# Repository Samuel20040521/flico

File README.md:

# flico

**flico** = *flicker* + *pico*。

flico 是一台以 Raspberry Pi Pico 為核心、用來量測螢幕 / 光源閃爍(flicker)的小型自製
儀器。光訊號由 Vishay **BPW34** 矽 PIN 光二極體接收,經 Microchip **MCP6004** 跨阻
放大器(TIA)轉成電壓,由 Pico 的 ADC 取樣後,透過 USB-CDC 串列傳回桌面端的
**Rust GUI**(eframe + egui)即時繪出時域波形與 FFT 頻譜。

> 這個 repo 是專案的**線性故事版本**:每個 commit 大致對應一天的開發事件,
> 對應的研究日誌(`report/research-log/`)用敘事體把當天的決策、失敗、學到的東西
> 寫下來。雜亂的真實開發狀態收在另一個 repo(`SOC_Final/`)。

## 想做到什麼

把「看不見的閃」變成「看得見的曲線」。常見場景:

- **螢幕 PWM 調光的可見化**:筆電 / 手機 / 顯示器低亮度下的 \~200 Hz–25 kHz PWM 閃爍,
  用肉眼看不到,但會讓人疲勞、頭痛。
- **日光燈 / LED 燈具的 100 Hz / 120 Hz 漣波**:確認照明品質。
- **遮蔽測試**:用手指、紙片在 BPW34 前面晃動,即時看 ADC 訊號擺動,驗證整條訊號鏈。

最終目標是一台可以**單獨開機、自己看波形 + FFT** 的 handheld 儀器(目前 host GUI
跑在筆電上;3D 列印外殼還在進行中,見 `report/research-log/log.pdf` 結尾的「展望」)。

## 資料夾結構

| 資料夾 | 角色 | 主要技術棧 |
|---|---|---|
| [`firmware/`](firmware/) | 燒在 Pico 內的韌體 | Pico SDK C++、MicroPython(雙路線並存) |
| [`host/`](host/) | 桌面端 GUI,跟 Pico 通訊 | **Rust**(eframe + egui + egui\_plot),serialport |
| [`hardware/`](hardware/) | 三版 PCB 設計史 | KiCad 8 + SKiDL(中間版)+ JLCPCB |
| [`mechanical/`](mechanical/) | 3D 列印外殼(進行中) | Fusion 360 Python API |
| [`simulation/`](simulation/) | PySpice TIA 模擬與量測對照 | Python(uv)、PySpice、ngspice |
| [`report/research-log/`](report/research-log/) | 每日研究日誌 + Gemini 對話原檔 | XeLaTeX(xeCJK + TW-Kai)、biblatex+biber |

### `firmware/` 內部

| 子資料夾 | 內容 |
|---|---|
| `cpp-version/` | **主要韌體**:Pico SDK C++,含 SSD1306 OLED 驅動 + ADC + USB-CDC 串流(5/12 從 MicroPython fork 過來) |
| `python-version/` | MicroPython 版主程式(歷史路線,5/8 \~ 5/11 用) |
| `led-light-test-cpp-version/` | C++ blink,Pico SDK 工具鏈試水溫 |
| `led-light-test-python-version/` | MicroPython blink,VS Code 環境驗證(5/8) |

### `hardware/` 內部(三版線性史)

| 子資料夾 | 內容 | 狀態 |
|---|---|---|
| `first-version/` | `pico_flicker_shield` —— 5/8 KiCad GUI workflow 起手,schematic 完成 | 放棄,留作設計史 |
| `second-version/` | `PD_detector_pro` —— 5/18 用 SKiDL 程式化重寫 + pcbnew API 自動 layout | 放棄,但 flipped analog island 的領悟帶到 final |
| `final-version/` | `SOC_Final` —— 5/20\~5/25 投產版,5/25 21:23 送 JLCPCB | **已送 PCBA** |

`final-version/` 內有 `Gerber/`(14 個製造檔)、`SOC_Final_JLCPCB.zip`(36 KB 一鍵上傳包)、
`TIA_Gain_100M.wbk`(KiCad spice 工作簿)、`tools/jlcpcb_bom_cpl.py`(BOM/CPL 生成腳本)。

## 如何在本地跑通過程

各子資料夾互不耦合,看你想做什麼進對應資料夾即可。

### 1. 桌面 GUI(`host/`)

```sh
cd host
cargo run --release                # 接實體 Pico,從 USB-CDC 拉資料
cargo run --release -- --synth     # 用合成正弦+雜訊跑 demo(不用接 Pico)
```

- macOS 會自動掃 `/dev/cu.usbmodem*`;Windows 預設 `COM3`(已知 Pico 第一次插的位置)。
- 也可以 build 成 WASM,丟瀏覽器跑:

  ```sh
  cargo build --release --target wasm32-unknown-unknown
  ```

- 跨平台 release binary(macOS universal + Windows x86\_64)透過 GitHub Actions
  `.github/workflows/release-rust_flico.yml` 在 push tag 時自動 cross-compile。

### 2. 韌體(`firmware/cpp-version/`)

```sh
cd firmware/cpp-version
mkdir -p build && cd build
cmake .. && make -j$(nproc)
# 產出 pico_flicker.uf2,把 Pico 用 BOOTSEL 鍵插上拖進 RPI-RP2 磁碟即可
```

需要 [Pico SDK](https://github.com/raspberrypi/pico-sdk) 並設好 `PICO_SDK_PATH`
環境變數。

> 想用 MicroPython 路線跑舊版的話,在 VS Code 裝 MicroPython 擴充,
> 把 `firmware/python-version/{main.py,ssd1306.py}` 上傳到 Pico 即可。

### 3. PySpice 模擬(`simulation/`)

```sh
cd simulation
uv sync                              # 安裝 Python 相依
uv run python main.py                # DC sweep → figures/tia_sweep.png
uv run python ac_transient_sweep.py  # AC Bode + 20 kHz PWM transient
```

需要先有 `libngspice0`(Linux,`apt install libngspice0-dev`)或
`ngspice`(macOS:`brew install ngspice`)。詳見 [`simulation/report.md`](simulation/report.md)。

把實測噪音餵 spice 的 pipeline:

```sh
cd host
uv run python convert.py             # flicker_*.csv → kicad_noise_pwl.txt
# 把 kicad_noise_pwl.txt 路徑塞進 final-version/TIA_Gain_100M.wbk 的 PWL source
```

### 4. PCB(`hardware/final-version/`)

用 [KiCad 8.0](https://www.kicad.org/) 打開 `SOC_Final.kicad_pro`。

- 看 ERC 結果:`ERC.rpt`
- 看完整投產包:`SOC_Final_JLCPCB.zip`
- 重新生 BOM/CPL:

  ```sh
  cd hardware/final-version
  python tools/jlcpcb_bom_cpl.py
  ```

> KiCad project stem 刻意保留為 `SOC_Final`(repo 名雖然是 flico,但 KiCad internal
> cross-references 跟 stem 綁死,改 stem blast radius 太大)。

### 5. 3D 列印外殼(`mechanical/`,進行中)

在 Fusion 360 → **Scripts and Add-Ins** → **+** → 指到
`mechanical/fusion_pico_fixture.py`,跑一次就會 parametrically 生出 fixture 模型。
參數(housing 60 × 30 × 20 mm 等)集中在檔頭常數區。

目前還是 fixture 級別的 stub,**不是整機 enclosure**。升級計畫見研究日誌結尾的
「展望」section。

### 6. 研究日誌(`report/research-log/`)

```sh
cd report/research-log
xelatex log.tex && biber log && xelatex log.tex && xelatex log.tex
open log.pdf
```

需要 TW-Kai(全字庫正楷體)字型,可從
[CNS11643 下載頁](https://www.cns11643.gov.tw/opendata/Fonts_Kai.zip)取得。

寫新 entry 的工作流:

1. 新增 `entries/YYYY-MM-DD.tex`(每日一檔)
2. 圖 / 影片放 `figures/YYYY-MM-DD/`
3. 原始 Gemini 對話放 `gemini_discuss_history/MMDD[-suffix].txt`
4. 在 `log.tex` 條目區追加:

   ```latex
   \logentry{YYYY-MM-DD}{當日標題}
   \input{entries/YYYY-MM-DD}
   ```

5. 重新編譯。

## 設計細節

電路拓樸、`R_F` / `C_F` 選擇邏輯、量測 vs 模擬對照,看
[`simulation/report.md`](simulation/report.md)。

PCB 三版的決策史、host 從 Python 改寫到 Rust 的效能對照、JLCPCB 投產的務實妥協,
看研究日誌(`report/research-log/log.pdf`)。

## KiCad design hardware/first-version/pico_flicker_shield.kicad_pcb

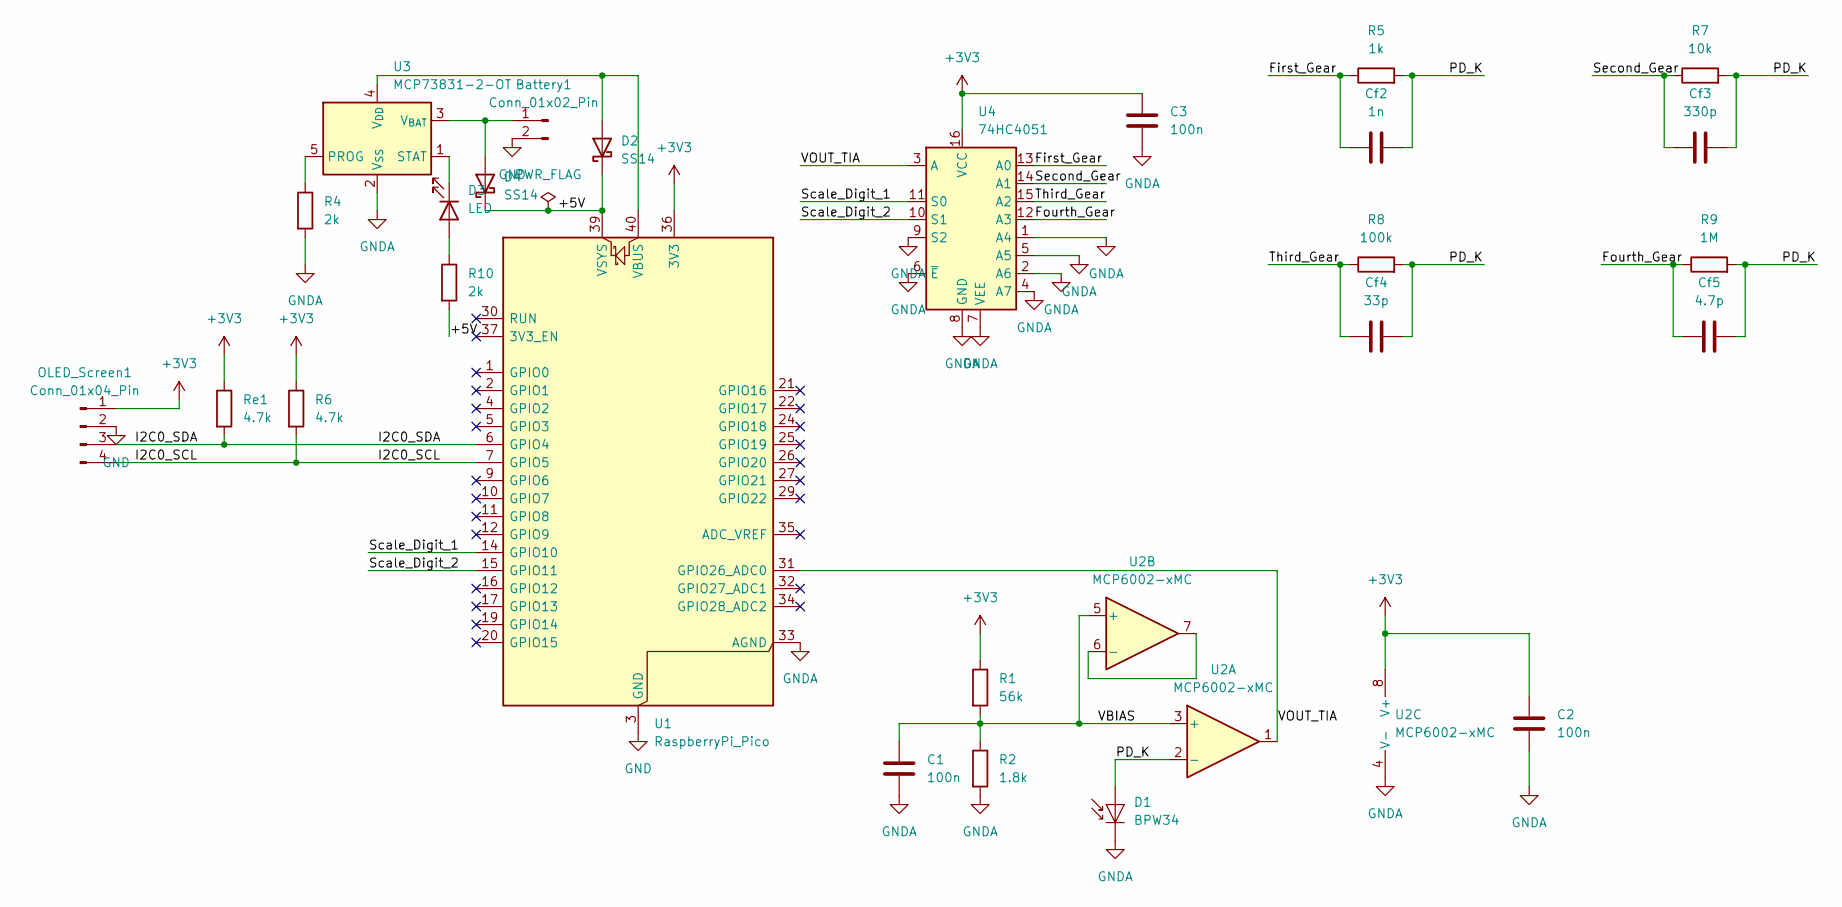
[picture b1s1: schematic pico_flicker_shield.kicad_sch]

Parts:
Battery1: Conn_01x02_Pin
C1, C3: 100n; C_0805_2012Metric; LCSC C49645
C2: 100n; C_0805_2012Metric
Cf2: 1n; C_0805_2012Metric
Cf3: 330p; C_0805_2012Metric
Cf4: 33p; C_0805_2012Metric
Cf5: 4.7p; C_0805_2012Metric
D1: BPW34; Osram_DIL2_4.3x4.65mm_P5.08mm
D2, D4: SS14; D_SMA
D3: LED; LED_0805_2012Metric
OLED_Screen1: Conn_01x04_Pin; PinHeader_1x04_P2.54mm_Vertical
R1: 56k; R_0805_2012Metric; LCSC C17414
R2: 1.8k; R_0805_2012Metric
R4, R10: 2k; R_0805_2012Metric; LCSC C17414
R5: 1k; R_0805_2012Metric
R6: 4.7k; R_0805_2012Metric; LCSC C17630
R7: 10k; R_0805_2012Metric
R8: 100k; R_0805_2012Metric
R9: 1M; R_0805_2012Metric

########

→ Requirement:
Look above for the line with "選擇邏輯、量測 vs 模擬對照,看" and the line with "Cf5: 4.7p; C_0805_2012Metric", then restate exactly those two lines and all lines between them, with no pictures.

→ Worked solution:
電路拓樸、`R_F` / `C_F` 選擇邏輯、量測 vs 模擬對照,看
[`simulation/report.md`](simulation/report.md)。

PCB 三版的決策史、host 從 Python 改寫到 Rust 的效能對照、JLCPCB 投產的務實妥協,
看研究日誌(`report/research-log/log.pdf`)。

## KiCad design hardware/first-version/pico_flicker_shield.kicad_pcb

[picture b1s1: schematic pico_flicker_shield.kicad_sch]

Parts:
Battery1: Conn_01x02_Pin
C1, C3: 100n; C_0805_2012Metric; LCSC C49645
C2: 100n; C_0805_2012Metric
Cf2: 1n; C_0805_2012Metric
Cf3: 330p; C_0805_2012Metric
Cf4: 33p; C_0805_2012Metric
Cf5: 4.7p; C_0805_2012Metric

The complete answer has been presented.